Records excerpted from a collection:
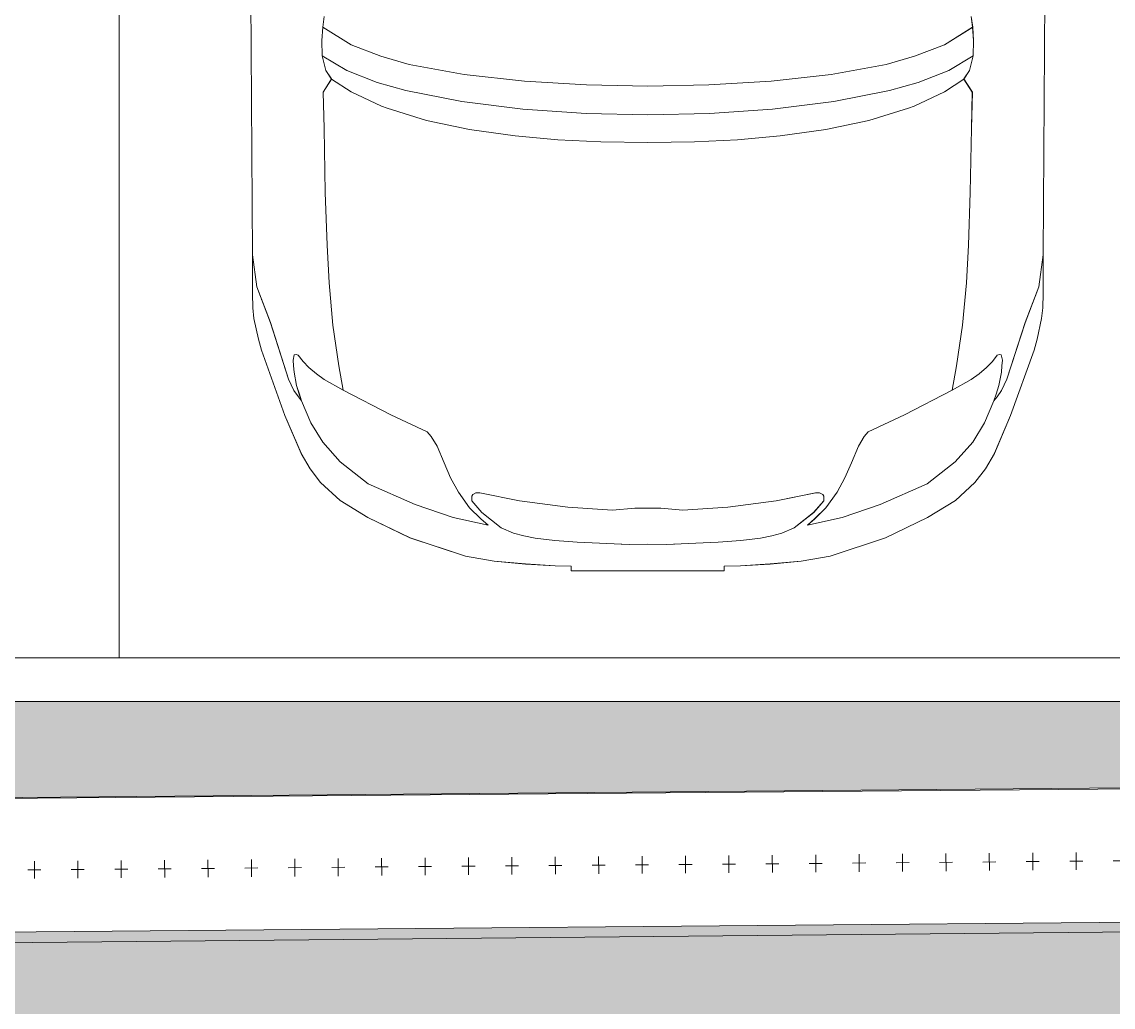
# Model space of a CAD drawing. Header units: millimetres. Extents: x -284281 to 1648660, y -821378 to -151356.
# Drawn here: x -200815 to -198307, y -271490 to -269226 of the extents above; entities that cross this region are included whole.
import ezdxf

# ---------------------------------------------------------------- set-up
doc = ezdxf.new("R2010")
doc.units = ezdxf.units.MM
doc.header["$MEASUREMENT"] = 0
doc.set_wipeout_variables(frame=1)
doc.linetypes.add('Wipeout_Contour', pattern=[1000, 0, -1000])
for name, color, linetype in [('Cars', 7, 'Continuous'), ('Divers - Dessin général', 7, 'Continuous'), ('Extérieur - Environnement', 7, 'Continuous'), ('Structure - Murs extérieurs', 7, 'Continuous'), ('TopoAlt', 7, 'Continuous')]:
    doc.layers.add(name, color=color, linetype=linetype)

# ---------------------------------------------------------------- blocks, each defined once
blk = doc.blocks.new('Dalle_3_1', base_point=(227756.7, -270775.9))
at = {"linetype": 'Continuous', "lineweight": 0, "true_color": 0x90b349}
blk.add_hatch(color=55, dxfattribs=at).paths.add_polyline_path([(227756.7, -270775.9), (227729.6, -270775.9), (227752.2, -270785.9)])
at = {"color": 7, "linetype": 'Continuous', "lineweight": 5, "flags": 128}
blk.add_lwpolyline([(227756.7, -270775.9), (227729.6, -270775.9), (227752.2, -270785.9)], close=True, dxfattribs=at)
blk = doc.blocks.new('Dalle_13_1', base_point=(250537.6, -270787.4))
at = {"linetype": 'Continuous', "lineweight": 0, "true_color": 0x90b349}
blk.add_hatch(color=55, dxfattribs=at).paths.add_polyline_path([(250537.6, -270787.4), (220537.6, -270787.4), (220537.6, -273253.3), (250548.6, -273114.3), (250537.7, -271092.1), (250537.7, -271092.1, -0.001346), (250537.6, -271062.3), (250537.6, -271062.3)])
at = {"color": 7, "linetype": 'Continuous', "lineweight": 5, "flags": 128}
blk.add_lwpolyline([(250537.6, -270787.4), (220537.6, -270787.4), (220537.6, -273253.3), (250548.6, -273114.3), (250537.7, -271092.1), (250537.7, -271092.1, -0.001346), (250537.6, -271062.3), (250537.6, -271062.3)], format="xyb", close=True, dxfattribs=at)
blk = doc.blocks.new('Mur_56_1', base_point=(218049.6, -271371.5))
at = {"color": 254, "linetype": 'Wipeout_Contour', "lineweight": 0, "ltscale": 1434044.950907383}
blk.add_wipeout([(218049.6, -271371.5), (250537.3, -271087.3), (250534.6, -270787.3), (218047, -271071.5)], dxfattribs=at).dxf.layer = 'TopoAlt'
at = {"layer": 'TopoAlt', "color": 190, "linetype": 'Continuous', "lineweight": 5, "true_color": 0x8002ff, "flags": 128}
for points in [[(250534.6, -270787.3), (218047, -271071.5)], [(218049.6, -271371.5), (250537.3, -271087.3)]]:
    blk.add_lwpolyline(points, dxfattribs=at)
blk = doc.blocks.new('Mur_61_1', base_point=(250537.6, -270787.3))
at = {"color": 254, "linetype": 'Wipeout_Contour', "lineweight": 0, "ltscale": 1436123.093929387}
blk.add_wipeout([(220637.6, -270787.3), (250437.6, -270787.3), (250437.6, -270687.3), (220637.6, -270687.3)], dxfattribs=at).dxf.layer = 'Structure - Murs extérieurs'
at = {"layer": 'Structure - Murs extérieurs', "color": 7, "linetype": 'Continuous', "lineweight": 5, "flags": 128}
for points in [[(250437.6, -270687.3), (220637.6, -270687.3)], [(220537.6, -270787.3), (250537.6, -270787.3)]]:
    blk.add_lwpolyline(points, dxfattribs=at)
blk = doc.blocks.new('Garde-corps_1_1')
at = {"color": 7, "linetype": 'Continuous', "lineweight": 5}
for p, q in [((226839, -271141.8), (226839.3, -271181.8)), ((226938.8, -271141), (226939.1, -271181)), ((227038.5, -271140.1), (227038.9, -271180.1)), ((227138.3, -271139.3), (227138.6, -271179.3)), ((227238, -271138.5), (227238.4, -271178.5)), ((227337.8, -271137.7), (227338.1, -271177.7)), ((227437.6, -271136.9), (227437.9, -271176.9)), ((227537.3, -271136), (227537.6, -271176)), ((227637.1, -271135.2), (227637.4, -271175.2)), ((227736.8, -271134.4), (227737.2, -271174.4)), ((225342.7, -271154.1), (225343, -271194.1)), ((225442.4, -271153.3), (225442.8, -271193.2)), ((225542.2, -271152.4), (225542.5, -271192.4)), ((225641.9, -271151.6), (225642.3, -271191.6)), ((225741.7, -271150.8), (225742, -271190.8)), ((225841.5, -271150), (225841.8, -271190)), ((225941.2, -271149.2), (225941.5, -271189.2)), ((226041, -271148.3), (226041.3, -271188.3)), ((226140.7, -271147.5), (226141.1, -271187.5)), ((226255.6, -271166.6), (226225.6, -271166.8)), ((226240.5, -271146.7), (226240.8, -271186.7)), ((226355.4, -271165.8), (226325.4, -271166)), ((226340.2, -271145.9), (226340.6, -271185.9)), ((226455.2, -271164.9), (226425.2, -271165.2)), ((226440, -271145.1), (226440.3, -271185.1)), ((226554.9, -271164.1), (226524.9, -271164.4)), ((226539.8, -271144.2), (226540.1, -271184.2)), ((226654.7, -271163.3), (226624.7, -271163.5)), ((226639.5, -271143.4), (226639.8, -271183.4)), ((226754.4, -271162.5), (226724.4, -271162.7)), ((226739.3, -271142.6), (226739.6, -271182.6)), ((226854.2, -271161.7), (226824.2, -271161.9)), ((226953.9, -271160.8), (226923.9, -271161.1)), ((227053.7, -271160), (227023.7, -271160.3)), ((227153.5, -271159.2), (227123.5, -271159.4)), ((227253.2, -271158.4), (227223.2, -271158.6)), ((227353, -271157.6), (227323, -271157.8)), ((227452.7, -271156.7), (227422.7, -271157)), ((227552.5, -271155.9), (227522.5, -271156.2)), ((227652.2, -271155.1), (227622.2, -271155.3)), ((227752, -271154.3), (227722, -271154.5)), ((227851.7, -271153.5), (227821.7, -271153.7)), ((225357.8, -271173.9), (225327.8, -271174.2)), ((225457.6, -271173.1), (225427.6, -271173.4)), ((225557.4, -271172.3), (225527.4, -271172.6)), ((225657.1, -271171.5), (225627.1, -271171.7)), ((225756.9, -271170.7), (225726.9, -271170.9)), ((225856.6, -271169.8), (225826.6, -271170.1)), ((225956.4, -271169), (225926.4, -271169.3)), ((226056.1, -271168.2), (226026.1, -271168.5)), ((226155.9, -271167.4), (226125.9, -271167.6))]:
    blk.add_line(p, q, dxfattribs=at)
blk = doc.blocks.new('Garde-corps_3_1')
at = {"color": 7, "linetype": 'Continuous', "lineweight": 5}
for p, q in [((226839, -271141.8), (226839.3, -271181.8)), ((226938.8, -271141), (226939.1, -271181)), ((227038.5, -271140.1), (227038.9, -271180.1)), ((227138.3, -271139.3), (227138.6, -271179.3)), ((227238, -271138.5), (227238.4, -271178.5)), ((227337.8, -271137.7), (227338.1, -271177.7)), ((227437.6, -271136.9), (227437.9, -271176.9)), ((227537.3, -271136), (227537.6, -271176)), ((227637.1, -271135.2), (227637.4, -271175.2)), ((227736.8, -271134.4), (227737.2, -271174.4)), ((225342.7, -271154.1), (225343, -271194.1)), ((225442.4, -271153.3), (225442.8, -271193.2)), ((225542.2, -271152.4), (225542.5, -271192.4)), ((225641.9, -271151.6), (225642.3, -271191.6)), ((225741.7, -271150.8), (225742, -271190.8)), ((225841.5, -271150), (225841.8, -271190)), ((225941.2, -271149.2), (225941.5, -271189.2)), ((226041, -271148.3), (226041.3, -271188.3)), ((226140.7, -271147.5), (226141.1, -271187.5)), ((226255.6, -271166.6), (226225.6, -271166.8)), ((226240.5, -271146.7), (226240.8, -271186.7)), ((226355.4, -271165.8), (226325.4, -271166)), ((226340.2, -271145.9), (226340.6, -271185.9)), ((226455.2, -271164.9), (226425.2, -271165.2)), ((226440, -271145.1), (226440.3, -271185.1)), ((226554.9, -271164.1), (226524.9, -271164.4)), ((226539.8, -271144.2), (226540.1, -271184.2)), ((226654.7, -271163.3), (226624.7, -271163.5)), ((226639.5, -271143.4), (226639.8, -271183.4)), ((226754.4, -271162.5), (226724.4, -271162.7)), ((226739.3, -271142.6), (226739.6, -271182.6)), ((226854.2, -271161.7), (226824.2, -271161.9)), ((226953.9, -271160.8), (226923.9, -271161.1)), ((227053.7, -271160), (227023.7, -271160.3)), ((227153.5, -271159.2), (227123.5, -271159.4)), ((227253.2, -271158.4), (227223.2, -271158.6)), ((227353, -271157.6), (227323, -271157.8)), ((227452.7, -271156.7), (227422.7, -271157)), ((227552.5, -271155.9), (227522.5, -271156.2)), ((227652.2, -271155.1), (227622.2, -271155.3)), ((227752, -271154.3), (227722, -271154.5)), ((227851.7, -271153.5), (227821.7, -271153.7)), ((225357.8, -271173.9), (225327.8, -271174.2)), ((225457.6, -271173.1), (225427.6, -271173.4)), ((225557.4, -271172.3), (225527.4, -271172.6)), ((225657.1, -271171.5), (225627.1, -271171.7)), ((225756.9, -271170.7), (225726.9, -271170.9)), ((225856.6, -271169.8), (225826.6, -271170.1)), ((225956.4, -271169), (225926.4, -271169.3)), ((226056.1, -271168.2), (226026.1, -271168.5)), ((226155.9, -271167.4), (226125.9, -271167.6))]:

Required action:
Return each line of the data that contains the string "ezdxf".

Response to this exercise:
import ezdxf
doc = ezdxf.new("R2010")
doc.units = ezdxf.units.MM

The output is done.